1. TO ELECT AS DIRECTORS ALL TWELVE nominees listed below.

INSTRUCTION:  To withhold authority to vote for any or all nominee(s), strike a
line through the nominee's name(s) in the list below.

            W. Rand Cook                         Lewis R. Reynolds
            L. Edelyn Dawson, Jr                 Charles R. Revere
            F. L. Garrett, III                   Ned Stephenson
            F. Warren Haynie, Jr.                Howard R. Straughan, Jr.
            Eric A. Johnson.                     Leslie E. Taylor
            William L. Lewis                     J. T. Thompson, III


         [ ] FOR                    [ ] AGAINST                  [ ]  ABSTAIN

2. TO RATIFY THE APPOINTMENT BY THE BOARD OF DIRECTORS OF YOUNT, HYDE & BARBOUR,
P.C., independent public accountants, as auditors for the Company for the
ensuing year.

         [ ] FOR                    [ ] AGAINST                  [ ] ABSTAIN

3. To act upon such other matters as may properly come before the meeting or any
adjournment thereof. As of the date of this Proxy, management has no knowledge
of any matters to be presented for consideration at the Annual Meeting other
than those referred to above. If any other matter properly comes before the
Annual Meeting, the persons named in the accompanying proxy intend to vote such
proxy, to the extent entitled, in accordance with their best judgment.
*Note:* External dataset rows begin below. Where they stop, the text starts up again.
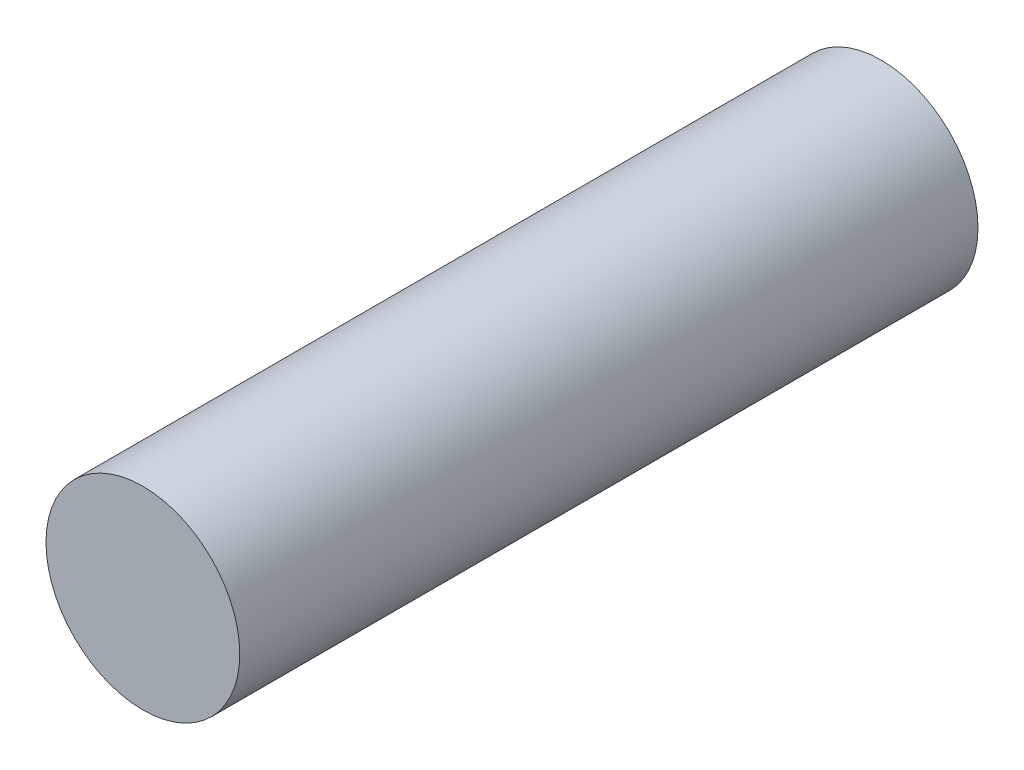
ISO-10303-21;
HEADER;
FILE_DESCRIPTION(('STEP AP214'),'2;1');
FILE_NAME('part.step','',(''),(''),'','','');
FILE_SCHEMA(('AUTOMOTIVE_DESIGN { 1 0 10303 214 1 1 1 1 }'));
ENDSEC;
DATA;
#1=APPLICATION_CONTEXT('core data for automotive mechanical design processes');
#2=APPLICATION_PROTOCOL_DEFINITION('international standard','automotive_design',2000,#1);
#3=PRODUCT_CONTEXT('',#1,'mechanical');
#4=PRODUCT('Part','Part','',(#3));
#5=PRODUCT_RELATED_PRODUCT_CATEGORY('part','',(#4));
#6=PRODUCT_DEFINITION_FORMATION('','',#4);
#7=PRODUCT_DEFINITION_CONTEXT('part definition',#1,'design');
#8=PRODUCT_DEFINITION('design','',#6,#7);
#9=PRODUCT_DEFINITION_SHAPE('','',#8);
#10=(LENGTH_UNIT() NAMED_UNIT(*) SI_UNIT(.MILLI.,.METRE.));
#11=(NAMED_UNIT(*) PLANE_ANGLE_UNIT() SI_UNIT($,.RADIAN.));
#12=(NAMED_UNIT(*) SI_UNIT($,.STERADIAN.) SOLID_ANGLE_UNIT());
#13=UNCERTAINTY_MEASURE_WITH_UNIT(LENGTH_MEASURE(1.E-05),#10,'distance_accuracy_value','');
#14=(GEOMETRIC_REPRESENTATION_CONTEXT(3) GLOBAL_UNCERTAINTY_ASSIGNED_CONTEXT((#13)) GLOBAL_UNIT_ASSIGNED_CONTEXT((#10,
#11,#12)) REPRESENTATION_CONTEXT('',''));
#15=CARTESIAN_POINT('',(0.,0.,0.));
#16=DIRECTION('',(0.,0.,1.));
#17=DIRECTION('',(1.,0.,0.));
#18=AXIS2_PLACEMENT_3D('',#15,#16,#17);
#19=CARTESIAN_POINT('',(0.,0.,19.05));
#20=DIRECTION('',(0.,0.,-1.));
#21=DIRECTION('',(-1.,0.,0.));
#22=AXIS2_PLACEMENT_3D('',#19,#20,#21);
#23=CYLINDRICAL_SURFACE('',#22,2.5);
#24=CARTESIAN_POINT('',(0.,0.,19.05));
#25=DIRECTION('',(0.,0.,1.));
#26=DIRECTION('',(1.,0.,0.));
#27=AXIS2_PLACEMENT_3D('',#24,#25,#26);
#28=CIRCLE('',#27,2.5);
#29=CARTESIAN_POINT('',(-2.5,0.,19.05));
#30=VERTEX_POINT('',#29);
#31=EDGE_CURVE('E10',#30,#30,#28,.T.);
#32=CARTESIAN_POINT('',(0.,0.,0.));
#33=DIRECTION('',(0.,0.,1.));
#34=DIRECTION('',(1.,0.,0.));
#35=AXIS2_PLACEMENT_3D('',#32,#33,#34);
#36=CIRCLE('',#35,2.5);
#37=CARTESIAN_POINT('',(-2.5,0.,0.));
#38=VERTEX_POINT('',#37);
#39=EDGE_CURVE('E34',#38,#38,#36,.T.);
#40=CARTESIAN_POINT('',(-2.5,0.,19.05));
#41=CARTESIAN_POINT('',(-2.5,0.,18.8515625));
#42=CARTESIAN_POINT('',(-2.5,0.,18.653125));
#43=CARTESIAN_POINT('',(-2.5,0.,18.25625));
#44=CARTESIAN_POINT('',(-2.5,0.,18.0578125));
#45=CARTESIAN_POINT('',(-2.5,0.,17.6609375));
#46=CARTESIAN_POINT('',(-2.5,0.,17.4625));
#47=CARTESIAN_POINT('',(-2.5,0.,17.065625));
#48=CARTESIAN_POINT('',(-2.5,0.,16.8671875));
#49=CARTESIAN_POINT('',(-2.5,0.,16.4703125));
#50=CARTESIAN_POINT('',(-2.5,0.,16.271875));
#51=CARTESIAN_POINT('',(-2.5,0.,15.875));
#52=CARTESIAN_POINT('',(-2.5,0.,15.6765625));
#53=CARTESIAN_POINT('',(-2.5,0.,15.2796875));
#54=CARTESIAN_POINT('',(-2.5,0.,15.08125));
#55=CARTESIAN_POINT('',(-2.5,0.,14.684375));
#56=CARTESIAN_POINT('',(-2.5,0.,14.4859375));
#57=CARTESIAN_POINT('',(-2.5,0.,14.0890625));
#58=CARTESIAN_POINT('',(-2.5,0.,13.890625));
#59=CARTESIAN_POINT('',(-2.5,0.,13.49375));
#60=CARTESIAN_POINT('',(-2.5,0.,13.2953125));
#61=CARTESIAN_POINT('',(-2.5,0.,12.8984375));
#62=CARTESIAN_POINT('',(-2.5,0.,12.7));
#63=CARTESIAN_POINT('',(-2.5,0.,12.303125));
#64=CARTESIAN_POINT('',(-2.5,0.,12.1046875));
#65=CARTESIAN_POINT('',(-2.5,0.,11.7078125));
#66=CARTESIAN_POINT('',(-2.5,0.,11.509375));
#67=CARTESIAN_POINT('',(-2.5,0.,11.1125));
#68=CARTESIAN_POINT('',(-2.5,0.,10.9140625));
#69=CARTESIAN_POINT('',(-2.5,0.,10.5171875));
#70=CARTESIAN_POINT('',(-2.5,0.,10.31875));
#71=CARTESIAN_POINT('',(-2.5,0.,9.921875));
#72=CARTESIAN_POINT('',(-2.5,0.,9.7234375));
#73=CARTESIAN_POINT('',(-2.5,0.,9.3265625));
#74=CARTESIAN_POINT('',(-2.5,0.,9.128125));
#75=CARTESIAN_POINT('',(-2.5,0.,8.73125));
#76=CARTESIAN_POINT('',(-2.5,0.,8.5328125));
#77=CARTESIAN_POINT('',(-2.5,0.,8.1359375));
#78=CARTESIAN_POINT('',(-2.5,0.,7.9375));
#79=CARTESIAN_POINT('',(-2.5,0.,7.540625));
#80=CARTESIAN_POINT('',(-2.5,0.,7.3421875));
#81=CARTESIAN_POINT('',(-2.5,0.,6.9453125));
#82=CARTESIAN_POINT('',(-2.5,0.,6.746875));
#83=CARTESIAN_POINT('',(-2.5,0.,6.35));
#84=CARTESIAN_POINT('',(-2.5,0.,6.1515625));
#85=CARTESIAN_POINT('',(-2.5,0.,5.7546875));
#86=CARTESIAN_POINT('',(-2.5,0.,5.55625));
#87=CARTESIAN_POINT('',(-2.5,0.,5.159375));
#88=CARTESIAN_POINT('',(-2.5,0.,4.9609375));
#89=CARTESIAN_POINT('',(-2.5,0.,4.5640625));
#90=CARTESIAN_POINT('',(-2.5,0.,4.365625));
#91=CARTESIAN_POINT('',(-2.5,0.,3.96875));
#92=CARTESIAN_POINT('',(-2.5,0.,3.7703125));
#93=CARTESIAN_POINT('',(-2.5,0.,3.3734375));
#94=CARTESIAN_POINT('',(-2.5,0.,3.175));
#95=CARTESIAN_POINT('',(-2.5,0.,2.778125));
#96=CARTESIAN_POINT('',(-2.5,0.,2.5796875));
#97=CARTESIAN_POINT('',(-2.5,0.,2.1828125));
#98=CARTESIAN_POINT('',(-2.5,0.,1.984375));
#99=CARTESIAN_POINT('',(-2.5,0.,1.5875));
#100=CARTESIAN_POINT('',(-2.5,0.,1.3890625));
#101=CARTESIAN_POINT('',(-2.5,0.,0.992187500000001));
#102=CARTESIAN_POINT('',(-2.5,0.,0.793750000000001));
#103=CARTESIAN_POINT('',(-2.5,0.,0.396875));
#104=CARTESIAN_POINT('',(-2.5,0.,0.1984375));
#105=CARTESIAN_POINT('',(-2.5,0.,0.));
#106=B_SPLINE_CURVE_WITH_KNOTS('',3,(#40,#41,#42,#43,#44,#45,#46,#47,#48,#49,#50,#51,#52,#53,
#54,#55,#56,#57,#58,#59,#60,#61,#62,#63,#64,#65,#66,#67,#68,#69,#70,#71,#72,#73,#74,#75,#76,#77,
#78,#79,#80,#81,#82,#83,#84,#85,#86,#87,#88,#89,#90,#91,#92,#93,#94,#95,#96,#97,#98,#99,#100,
#101,#102,#103,#104,#105),.UNSPECIFIED.,.F.,.F.,(4,2,2,2,2,2,2,2,2,2,2,2,2,2,2,2,2,2,2,2,2,2,2,
2,2,2,2,2,2,2,2,2,4),(0.,0.5953125,1.190625,1.7859375,2.38125,2.9765625,3.571875,4.1671875,
4.7625,5.3578125,5.953125,6.5484375,7.14375,7.7390625,8.334375,8.9296875,9.525,10.1203125,
10.715625,11.3109375,11.90625,12.5015625,13.096875,13.6921875,14.2875,14.8828125,15.478125,
16.0734375,16.66875,17.2640625,17.859375,18.4546875,19.05),.UNSPECIFIED.);
#107=EDGE_CURVE('BSEAM31',#30,#38,#106,.T.);
#108=ORIENTED_EDGE('',*,*,#31,.F.);
#109=ORIENTED_EDGE('',*,*,#39,.T.);
#110=ORIENTED_EDGE('',*,*,#107,.T.);
#111=ORIENTED_EDGE('',*,*,#107,.F.);
#112=EDGE_LOOP('',(#108,#110,#109,#111));
#113=FACE_BOUND('',#112,.T.);
#114=ADVANCED_FACE('F31',(#113),#23,.T.);
#115=CARTESIAN_POINT('',(0.,0.,19.05));
#116=DIRECTION('',(0.,0.,1.));
#117=DIRECTION('',(1.,0.,0.));
#118=AXIS2_PLACEMENT_3D('',#115,#116,#117);
#119=PLANE('',#118);
#120=ORIENTED_EDGE('',*,*,#31,.T.);
#121=EDGE_LOOP('',(#120));
#122=FACE_BOUND('',#121,.T.);
#123=ADVANCED_FACE('F46',(#122),#119,.T.);
#124=CARTESIAN_POINT('',(0.,0.,0.));
#125=DIRECTION('',(0.,0.,1.));
#126=DIRECTION('',(1.,0.,0.));
#127=AXIS2_PLACEMENT_3D('',#124,#125,#126);
#128=PLANE('',#127);
#129=ORIENTED_EDGE('',*,*,#39,.F.);
#130=EDGE_LOOP('',(#129));
#131=FACE_BOUND('',#130,.T.);
#132=ADVANCED_FACE('F44',(#131),#128,.F.);
#133=CLOSED_SHELL('',(#114,#123,#132));
#134=MANIFOLD_SOLID_BREP('B2',#133);
#135=ADVANCED_BREP_SHAPE_REPRESENTATION('',(#18,#134),#14);
#136=SHAPE_DEFINITION_REPRESENTATION(#9,#135);
ENDSEC;
END-ISO-10303-21;

This Proxy, when properly executed, will be voted in the manner directed herein
by the undersigned stockholders. If no direction is made, this proxy will be
voted for proposals 1 and 2.

Please sign exactly as stock is registered. When shares are held by joint
tenants, both should sign. When signing as executor, administrator, trustee, or
guardian, please give full title as such. If a corporation, please sign in full
corporate name by President or other authorized officer. If a partnership,
please sign in partnership name by authorized person.


                               --------------------------------------- Signature


                               --------------------------------------- Signature
                               (if held jointly)

                               Date: ------------------------, 2002


PLEASE MARK, SIGN, DATE AND RETURN THE PROXY CARD USING THE ENCLOSED ENVELOPE.